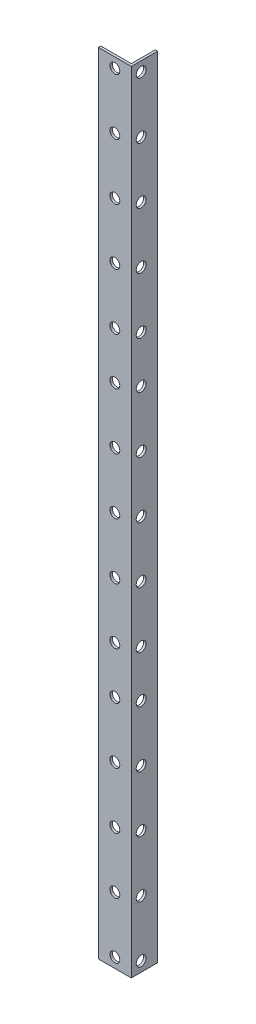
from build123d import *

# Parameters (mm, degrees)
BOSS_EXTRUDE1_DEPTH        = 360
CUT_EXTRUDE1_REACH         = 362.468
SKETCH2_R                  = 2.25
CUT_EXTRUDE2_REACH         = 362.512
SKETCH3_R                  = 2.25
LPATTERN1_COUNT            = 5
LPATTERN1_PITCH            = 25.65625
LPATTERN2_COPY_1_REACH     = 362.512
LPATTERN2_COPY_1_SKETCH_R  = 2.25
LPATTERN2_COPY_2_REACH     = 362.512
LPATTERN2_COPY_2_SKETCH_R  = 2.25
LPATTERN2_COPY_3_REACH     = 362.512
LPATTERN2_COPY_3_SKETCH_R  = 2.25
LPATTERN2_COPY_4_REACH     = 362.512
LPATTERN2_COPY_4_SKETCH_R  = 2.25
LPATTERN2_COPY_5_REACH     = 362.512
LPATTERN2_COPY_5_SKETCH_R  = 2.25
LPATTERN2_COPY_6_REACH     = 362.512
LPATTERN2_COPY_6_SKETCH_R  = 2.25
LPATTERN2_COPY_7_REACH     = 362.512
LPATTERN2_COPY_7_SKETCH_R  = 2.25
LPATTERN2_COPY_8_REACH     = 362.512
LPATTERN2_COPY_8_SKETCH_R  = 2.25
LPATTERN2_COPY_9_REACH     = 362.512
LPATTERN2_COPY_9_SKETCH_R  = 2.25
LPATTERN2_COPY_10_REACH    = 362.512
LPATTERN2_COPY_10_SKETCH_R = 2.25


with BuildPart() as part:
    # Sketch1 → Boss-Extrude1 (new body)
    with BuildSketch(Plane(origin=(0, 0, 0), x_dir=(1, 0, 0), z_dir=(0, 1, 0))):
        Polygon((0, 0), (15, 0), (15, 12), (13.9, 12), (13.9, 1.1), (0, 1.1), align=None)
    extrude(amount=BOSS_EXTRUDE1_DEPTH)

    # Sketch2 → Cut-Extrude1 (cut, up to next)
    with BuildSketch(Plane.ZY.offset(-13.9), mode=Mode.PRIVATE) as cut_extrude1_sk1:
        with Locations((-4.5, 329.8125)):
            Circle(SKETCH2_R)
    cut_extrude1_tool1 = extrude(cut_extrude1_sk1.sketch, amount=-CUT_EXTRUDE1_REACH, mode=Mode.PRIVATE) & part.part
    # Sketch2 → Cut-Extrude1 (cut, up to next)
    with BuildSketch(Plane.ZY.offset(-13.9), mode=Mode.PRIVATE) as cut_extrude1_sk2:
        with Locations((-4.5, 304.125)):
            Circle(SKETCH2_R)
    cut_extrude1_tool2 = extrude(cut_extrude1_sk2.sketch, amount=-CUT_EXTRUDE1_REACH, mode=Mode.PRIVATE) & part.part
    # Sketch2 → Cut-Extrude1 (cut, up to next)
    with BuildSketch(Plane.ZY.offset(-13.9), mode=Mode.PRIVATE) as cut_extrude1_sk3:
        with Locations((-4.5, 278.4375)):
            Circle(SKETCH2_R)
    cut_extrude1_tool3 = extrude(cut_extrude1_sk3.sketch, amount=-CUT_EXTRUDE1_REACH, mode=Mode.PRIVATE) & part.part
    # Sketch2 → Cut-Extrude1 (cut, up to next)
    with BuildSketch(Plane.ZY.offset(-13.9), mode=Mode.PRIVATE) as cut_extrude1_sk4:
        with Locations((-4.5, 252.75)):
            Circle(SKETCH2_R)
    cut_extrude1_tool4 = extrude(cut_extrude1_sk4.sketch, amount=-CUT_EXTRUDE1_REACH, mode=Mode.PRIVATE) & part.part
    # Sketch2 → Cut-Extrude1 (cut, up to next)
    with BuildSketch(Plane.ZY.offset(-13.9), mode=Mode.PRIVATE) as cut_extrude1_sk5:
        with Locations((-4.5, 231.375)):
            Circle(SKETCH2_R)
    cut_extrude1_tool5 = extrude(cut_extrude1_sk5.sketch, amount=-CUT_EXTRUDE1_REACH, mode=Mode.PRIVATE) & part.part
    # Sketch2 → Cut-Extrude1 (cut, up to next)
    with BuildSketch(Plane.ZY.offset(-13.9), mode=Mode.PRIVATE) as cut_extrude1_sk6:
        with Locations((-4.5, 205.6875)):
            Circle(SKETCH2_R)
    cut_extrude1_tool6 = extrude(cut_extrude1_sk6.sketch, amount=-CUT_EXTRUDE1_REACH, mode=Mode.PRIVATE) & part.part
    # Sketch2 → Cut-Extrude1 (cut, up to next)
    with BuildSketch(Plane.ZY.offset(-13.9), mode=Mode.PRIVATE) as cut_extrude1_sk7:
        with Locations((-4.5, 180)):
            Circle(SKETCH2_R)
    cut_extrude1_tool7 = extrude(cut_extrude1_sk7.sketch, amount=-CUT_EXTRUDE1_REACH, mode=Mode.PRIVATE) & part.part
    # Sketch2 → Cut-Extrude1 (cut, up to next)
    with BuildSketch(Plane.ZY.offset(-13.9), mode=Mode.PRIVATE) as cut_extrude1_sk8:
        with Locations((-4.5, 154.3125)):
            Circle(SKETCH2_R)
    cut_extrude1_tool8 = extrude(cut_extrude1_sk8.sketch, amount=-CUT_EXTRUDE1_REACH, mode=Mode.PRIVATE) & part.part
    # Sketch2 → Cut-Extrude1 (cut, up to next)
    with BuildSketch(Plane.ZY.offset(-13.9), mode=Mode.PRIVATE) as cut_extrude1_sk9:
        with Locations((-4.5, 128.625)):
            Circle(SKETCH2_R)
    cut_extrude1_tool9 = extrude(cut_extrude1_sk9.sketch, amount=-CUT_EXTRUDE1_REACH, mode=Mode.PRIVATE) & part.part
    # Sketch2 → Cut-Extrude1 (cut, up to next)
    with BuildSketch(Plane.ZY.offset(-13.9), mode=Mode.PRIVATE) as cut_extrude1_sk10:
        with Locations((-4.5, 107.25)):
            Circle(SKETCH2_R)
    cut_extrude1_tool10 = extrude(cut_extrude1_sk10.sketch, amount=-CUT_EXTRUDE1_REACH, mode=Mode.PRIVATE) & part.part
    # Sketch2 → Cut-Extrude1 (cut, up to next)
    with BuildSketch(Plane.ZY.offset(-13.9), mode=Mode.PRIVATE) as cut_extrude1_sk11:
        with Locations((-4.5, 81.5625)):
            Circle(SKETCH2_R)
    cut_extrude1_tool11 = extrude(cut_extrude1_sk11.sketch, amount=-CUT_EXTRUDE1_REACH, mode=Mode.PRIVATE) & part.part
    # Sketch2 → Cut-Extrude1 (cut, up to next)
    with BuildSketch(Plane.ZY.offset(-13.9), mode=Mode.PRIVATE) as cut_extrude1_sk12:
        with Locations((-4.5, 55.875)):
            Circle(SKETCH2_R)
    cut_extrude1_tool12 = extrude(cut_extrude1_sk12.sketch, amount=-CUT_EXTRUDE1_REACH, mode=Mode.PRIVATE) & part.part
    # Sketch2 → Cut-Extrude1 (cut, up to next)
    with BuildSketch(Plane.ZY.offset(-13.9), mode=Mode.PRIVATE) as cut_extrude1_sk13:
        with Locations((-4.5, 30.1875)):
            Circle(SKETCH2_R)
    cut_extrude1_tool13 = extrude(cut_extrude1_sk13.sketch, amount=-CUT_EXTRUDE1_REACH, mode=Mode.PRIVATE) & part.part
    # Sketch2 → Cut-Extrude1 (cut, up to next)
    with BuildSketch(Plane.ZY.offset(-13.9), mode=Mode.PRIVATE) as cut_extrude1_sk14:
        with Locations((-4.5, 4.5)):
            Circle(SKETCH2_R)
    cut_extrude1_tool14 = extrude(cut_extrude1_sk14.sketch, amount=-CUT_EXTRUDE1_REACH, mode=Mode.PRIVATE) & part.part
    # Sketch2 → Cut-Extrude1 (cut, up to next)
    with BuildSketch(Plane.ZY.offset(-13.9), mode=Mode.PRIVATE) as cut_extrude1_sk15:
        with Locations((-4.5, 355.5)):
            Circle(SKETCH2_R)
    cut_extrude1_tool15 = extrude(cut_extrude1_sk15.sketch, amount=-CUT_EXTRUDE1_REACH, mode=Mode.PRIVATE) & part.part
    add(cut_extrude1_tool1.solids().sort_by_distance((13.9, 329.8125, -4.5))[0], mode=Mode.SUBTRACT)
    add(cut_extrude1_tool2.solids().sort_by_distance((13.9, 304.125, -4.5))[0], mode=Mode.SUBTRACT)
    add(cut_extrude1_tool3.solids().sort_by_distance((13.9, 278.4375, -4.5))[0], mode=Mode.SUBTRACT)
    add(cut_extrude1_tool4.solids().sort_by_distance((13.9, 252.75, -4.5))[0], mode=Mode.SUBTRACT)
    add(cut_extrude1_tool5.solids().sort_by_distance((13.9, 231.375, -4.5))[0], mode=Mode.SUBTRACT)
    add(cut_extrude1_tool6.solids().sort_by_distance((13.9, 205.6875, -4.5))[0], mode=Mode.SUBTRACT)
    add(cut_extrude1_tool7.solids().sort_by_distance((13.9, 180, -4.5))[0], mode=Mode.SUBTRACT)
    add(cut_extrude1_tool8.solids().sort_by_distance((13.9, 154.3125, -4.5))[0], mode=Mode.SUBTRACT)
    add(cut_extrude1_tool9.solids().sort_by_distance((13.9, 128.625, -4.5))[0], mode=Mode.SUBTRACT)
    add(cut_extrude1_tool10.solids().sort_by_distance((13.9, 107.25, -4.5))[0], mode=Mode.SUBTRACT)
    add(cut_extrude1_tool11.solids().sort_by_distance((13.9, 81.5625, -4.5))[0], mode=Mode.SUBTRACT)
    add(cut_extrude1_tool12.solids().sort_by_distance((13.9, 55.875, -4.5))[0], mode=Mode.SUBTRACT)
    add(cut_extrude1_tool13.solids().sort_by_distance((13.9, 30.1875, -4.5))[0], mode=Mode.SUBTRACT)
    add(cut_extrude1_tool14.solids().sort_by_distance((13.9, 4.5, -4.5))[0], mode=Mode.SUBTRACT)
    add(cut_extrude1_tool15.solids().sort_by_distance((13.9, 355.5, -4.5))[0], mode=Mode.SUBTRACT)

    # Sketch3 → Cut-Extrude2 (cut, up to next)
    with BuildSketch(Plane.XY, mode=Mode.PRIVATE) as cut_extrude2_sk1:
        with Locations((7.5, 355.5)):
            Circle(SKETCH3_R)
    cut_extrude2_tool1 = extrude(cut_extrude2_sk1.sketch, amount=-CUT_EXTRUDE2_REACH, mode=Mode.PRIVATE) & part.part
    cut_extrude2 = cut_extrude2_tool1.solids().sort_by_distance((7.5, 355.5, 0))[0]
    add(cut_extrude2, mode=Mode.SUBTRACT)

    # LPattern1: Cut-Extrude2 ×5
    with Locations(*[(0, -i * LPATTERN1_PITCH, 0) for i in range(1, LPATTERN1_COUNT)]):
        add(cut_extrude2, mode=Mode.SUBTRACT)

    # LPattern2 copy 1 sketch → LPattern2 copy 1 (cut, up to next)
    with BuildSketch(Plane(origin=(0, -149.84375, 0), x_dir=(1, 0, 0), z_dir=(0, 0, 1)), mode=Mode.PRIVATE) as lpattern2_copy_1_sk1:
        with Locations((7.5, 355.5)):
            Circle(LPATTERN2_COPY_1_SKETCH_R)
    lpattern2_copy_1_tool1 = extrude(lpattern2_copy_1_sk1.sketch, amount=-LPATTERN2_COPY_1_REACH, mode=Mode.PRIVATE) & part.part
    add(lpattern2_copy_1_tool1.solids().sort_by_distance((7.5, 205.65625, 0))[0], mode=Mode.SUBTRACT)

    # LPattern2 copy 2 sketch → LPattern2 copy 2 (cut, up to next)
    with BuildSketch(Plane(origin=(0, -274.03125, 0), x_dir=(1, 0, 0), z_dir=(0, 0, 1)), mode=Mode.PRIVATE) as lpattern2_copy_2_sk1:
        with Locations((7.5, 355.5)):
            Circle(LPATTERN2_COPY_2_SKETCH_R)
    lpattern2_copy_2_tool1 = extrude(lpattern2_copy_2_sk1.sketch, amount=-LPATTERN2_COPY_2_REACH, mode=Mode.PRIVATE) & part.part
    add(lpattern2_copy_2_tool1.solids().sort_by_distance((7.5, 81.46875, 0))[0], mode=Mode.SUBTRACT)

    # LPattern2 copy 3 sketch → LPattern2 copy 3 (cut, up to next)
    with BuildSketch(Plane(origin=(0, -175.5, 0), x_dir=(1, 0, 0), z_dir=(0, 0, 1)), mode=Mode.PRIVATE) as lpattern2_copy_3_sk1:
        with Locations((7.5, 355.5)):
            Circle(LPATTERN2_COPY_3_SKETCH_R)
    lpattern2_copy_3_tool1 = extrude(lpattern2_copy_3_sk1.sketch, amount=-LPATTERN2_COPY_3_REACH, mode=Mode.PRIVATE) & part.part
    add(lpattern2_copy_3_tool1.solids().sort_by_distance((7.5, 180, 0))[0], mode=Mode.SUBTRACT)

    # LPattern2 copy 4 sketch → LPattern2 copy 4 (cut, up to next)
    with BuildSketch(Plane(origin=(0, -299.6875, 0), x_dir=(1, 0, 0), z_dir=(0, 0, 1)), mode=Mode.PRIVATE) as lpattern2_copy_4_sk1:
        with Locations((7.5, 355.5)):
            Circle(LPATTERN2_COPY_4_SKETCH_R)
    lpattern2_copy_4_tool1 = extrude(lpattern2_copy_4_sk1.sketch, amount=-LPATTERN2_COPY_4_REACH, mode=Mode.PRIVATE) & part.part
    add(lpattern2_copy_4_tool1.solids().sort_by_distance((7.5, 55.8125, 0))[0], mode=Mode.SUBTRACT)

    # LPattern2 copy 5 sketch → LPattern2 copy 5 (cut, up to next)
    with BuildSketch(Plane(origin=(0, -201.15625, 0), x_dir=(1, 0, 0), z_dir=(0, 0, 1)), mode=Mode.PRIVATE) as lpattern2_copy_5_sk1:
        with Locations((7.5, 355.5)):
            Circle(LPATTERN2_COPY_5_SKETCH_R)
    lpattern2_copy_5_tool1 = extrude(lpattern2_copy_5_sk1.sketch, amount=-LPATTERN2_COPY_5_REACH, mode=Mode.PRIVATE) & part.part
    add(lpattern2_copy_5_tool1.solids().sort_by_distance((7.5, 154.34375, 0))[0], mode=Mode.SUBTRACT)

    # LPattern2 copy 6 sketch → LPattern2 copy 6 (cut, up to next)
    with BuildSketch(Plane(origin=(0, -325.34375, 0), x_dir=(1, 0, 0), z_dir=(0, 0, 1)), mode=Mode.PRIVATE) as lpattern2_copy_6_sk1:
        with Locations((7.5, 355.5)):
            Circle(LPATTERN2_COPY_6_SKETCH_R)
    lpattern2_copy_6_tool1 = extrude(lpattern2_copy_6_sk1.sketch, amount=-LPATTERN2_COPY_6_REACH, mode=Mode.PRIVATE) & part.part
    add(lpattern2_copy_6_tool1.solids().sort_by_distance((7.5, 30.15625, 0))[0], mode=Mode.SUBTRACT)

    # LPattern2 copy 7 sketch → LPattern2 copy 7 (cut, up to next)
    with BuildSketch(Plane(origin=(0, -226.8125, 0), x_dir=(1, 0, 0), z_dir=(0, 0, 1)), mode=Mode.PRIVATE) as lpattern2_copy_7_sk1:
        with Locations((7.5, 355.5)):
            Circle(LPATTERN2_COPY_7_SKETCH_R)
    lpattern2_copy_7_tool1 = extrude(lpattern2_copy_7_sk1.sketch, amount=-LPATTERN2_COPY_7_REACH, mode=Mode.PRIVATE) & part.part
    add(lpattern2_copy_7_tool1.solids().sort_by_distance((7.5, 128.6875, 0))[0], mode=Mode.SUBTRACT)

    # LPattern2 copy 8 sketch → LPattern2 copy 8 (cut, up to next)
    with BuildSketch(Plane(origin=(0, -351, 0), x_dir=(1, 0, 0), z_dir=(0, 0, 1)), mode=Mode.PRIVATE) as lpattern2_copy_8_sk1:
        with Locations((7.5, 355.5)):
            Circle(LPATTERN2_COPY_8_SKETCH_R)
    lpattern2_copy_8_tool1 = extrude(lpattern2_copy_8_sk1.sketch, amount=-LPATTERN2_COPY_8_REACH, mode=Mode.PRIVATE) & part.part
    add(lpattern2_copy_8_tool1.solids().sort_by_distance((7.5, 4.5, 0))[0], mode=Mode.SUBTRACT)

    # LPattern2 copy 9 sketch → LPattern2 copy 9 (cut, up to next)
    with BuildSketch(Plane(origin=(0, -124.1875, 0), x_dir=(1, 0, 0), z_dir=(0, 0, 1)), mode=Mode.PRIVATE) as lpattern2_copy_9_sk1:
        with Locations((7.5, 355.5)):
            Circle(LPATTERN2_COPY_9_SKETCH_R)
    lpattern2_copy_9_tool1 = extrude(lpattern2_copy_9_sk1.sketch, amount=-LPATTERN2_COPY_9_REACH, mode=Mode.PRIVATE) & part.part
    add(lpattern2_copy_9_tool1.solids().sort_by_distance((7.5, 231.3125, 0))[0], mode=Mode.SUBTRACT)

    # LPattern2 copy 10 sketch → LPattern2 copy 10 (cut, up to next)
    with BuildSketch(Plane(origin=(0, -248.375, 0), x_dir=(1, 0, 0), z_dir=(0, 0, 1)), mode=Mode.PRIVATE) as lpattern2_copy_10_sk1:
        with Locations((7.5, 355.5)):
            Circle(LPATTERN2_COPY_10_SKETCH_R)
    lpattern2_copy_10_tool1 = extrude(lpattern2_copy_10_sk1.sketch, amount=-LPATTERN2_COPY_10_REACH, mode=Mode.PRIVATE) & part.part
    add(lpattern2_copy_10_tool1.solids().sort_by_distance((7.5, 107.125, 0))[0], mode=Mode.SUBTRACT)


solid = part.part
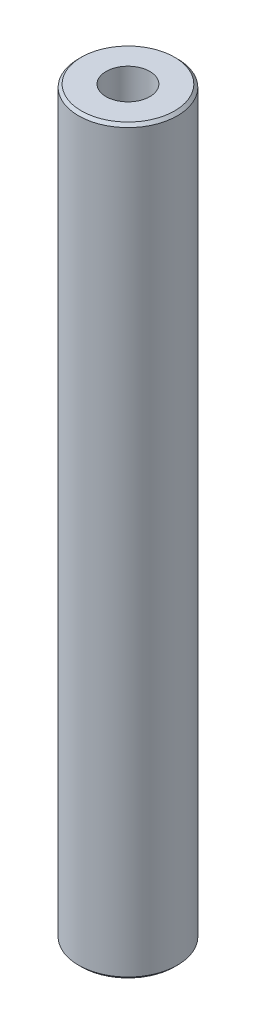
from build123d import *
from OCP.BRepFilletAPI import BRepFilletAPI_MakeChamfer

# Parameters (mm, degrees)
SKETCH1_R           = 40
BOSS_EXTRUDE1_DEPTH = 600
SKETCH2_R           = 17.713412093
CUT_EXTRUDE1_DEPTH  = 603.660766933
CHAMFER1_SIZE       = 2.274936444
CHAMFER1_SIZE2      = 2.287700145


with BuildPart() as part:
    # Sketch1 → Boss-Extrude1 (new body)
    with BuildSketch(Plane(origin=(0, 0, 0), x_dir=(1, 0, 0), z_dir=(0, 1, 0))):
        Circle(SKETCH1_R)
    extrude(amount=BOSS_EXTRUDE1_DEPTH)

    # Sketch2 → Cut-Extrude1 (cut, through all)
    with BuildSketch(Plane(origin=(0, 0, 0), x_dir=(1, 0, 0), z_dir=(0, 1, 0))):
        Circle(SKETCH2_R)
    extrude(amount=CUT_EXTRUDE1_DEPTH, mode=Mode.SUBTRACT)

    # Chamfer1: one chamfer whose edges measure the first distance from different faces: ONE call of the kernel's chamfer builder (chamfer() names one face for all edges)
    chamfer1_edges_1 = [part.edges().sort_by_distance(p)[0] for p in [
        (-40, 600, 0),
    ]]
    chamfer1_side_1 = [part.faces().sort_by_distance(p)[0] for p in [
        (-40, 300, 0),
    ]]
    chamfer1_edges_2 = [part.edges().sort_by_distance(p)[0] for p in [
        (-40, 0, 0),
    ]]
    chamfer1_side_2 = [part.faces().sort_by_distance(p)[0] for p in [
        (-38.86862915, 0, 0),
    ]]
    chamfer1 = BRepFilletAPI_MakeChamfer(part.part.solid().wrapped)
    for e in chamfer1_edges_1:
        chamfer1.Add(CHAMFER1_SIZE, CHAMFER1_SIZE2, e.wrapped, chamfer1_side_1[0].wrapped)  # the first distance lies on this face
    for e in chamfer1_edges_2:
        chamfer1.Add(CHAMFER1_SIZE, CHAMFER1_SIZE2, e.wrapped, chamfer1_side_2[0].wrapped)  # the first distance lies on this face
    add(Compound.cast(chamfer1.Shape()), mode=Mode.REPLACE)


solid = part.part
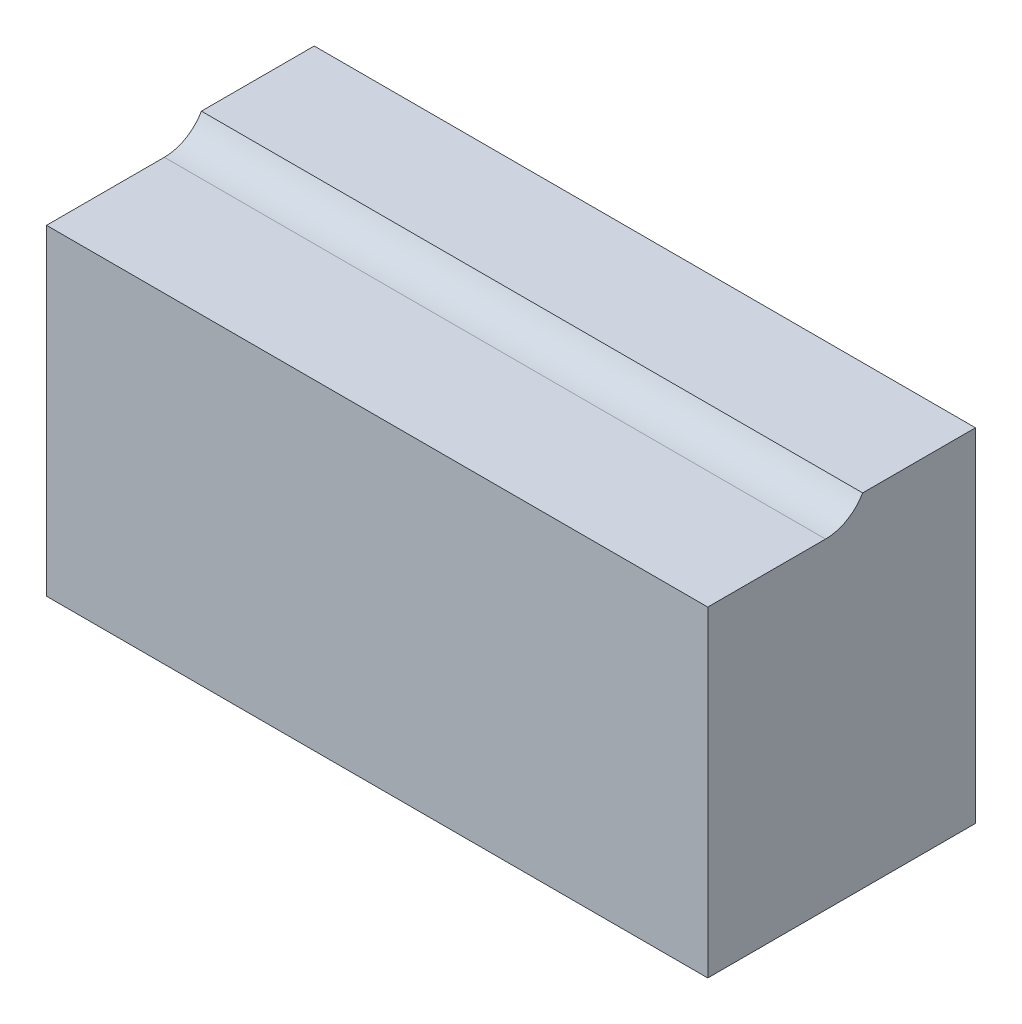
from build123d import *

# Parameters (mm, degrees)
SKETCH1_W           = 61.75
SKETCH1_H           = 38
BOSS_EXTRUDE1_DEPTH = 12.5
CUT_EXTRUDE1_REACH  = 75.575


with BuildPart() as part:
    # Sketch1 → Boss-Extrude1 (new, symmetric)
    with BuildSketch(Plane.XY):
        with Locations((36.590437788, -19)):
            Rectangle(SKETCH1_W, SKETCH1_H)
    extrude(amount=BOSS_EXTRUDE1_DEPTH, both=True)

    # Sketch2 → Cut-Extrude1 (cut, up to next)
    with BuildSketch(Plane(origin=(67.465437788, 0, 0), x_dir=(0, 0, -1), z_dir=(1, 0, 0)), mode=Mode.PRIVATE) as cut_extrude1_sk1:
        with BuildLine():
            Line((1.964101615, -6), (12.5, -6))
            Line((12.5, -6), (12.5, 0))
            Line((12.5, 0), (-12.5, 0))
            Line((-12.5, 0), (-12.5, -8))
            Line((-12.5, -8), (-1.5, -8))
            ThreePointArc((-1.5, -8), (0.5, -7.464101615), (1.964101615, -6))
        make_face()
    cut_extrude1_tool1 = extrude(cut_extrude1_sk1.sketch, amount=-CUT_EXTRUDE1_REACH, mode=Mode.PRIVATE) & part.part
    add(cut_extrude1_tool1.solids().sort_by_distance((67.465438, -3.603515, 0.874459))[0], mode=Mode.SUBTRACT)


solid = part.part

▬▬▬▬▬▬

Task requirements >>
For each line in the entries that contains the string "faces", make a copy.

Written answer >>
    # Chamfer1: one chamfer whose edges measure the first distance from different faces: ONE call of the kernel's chamfer builder (chamfer() names one face for all edges)
    chamfer1_side_1 = [part.faces().sort_by_distance(p)[0] for p in [
    chamfer1_side_2 = [part.faces().sort_by_distance(p)[0] for p in [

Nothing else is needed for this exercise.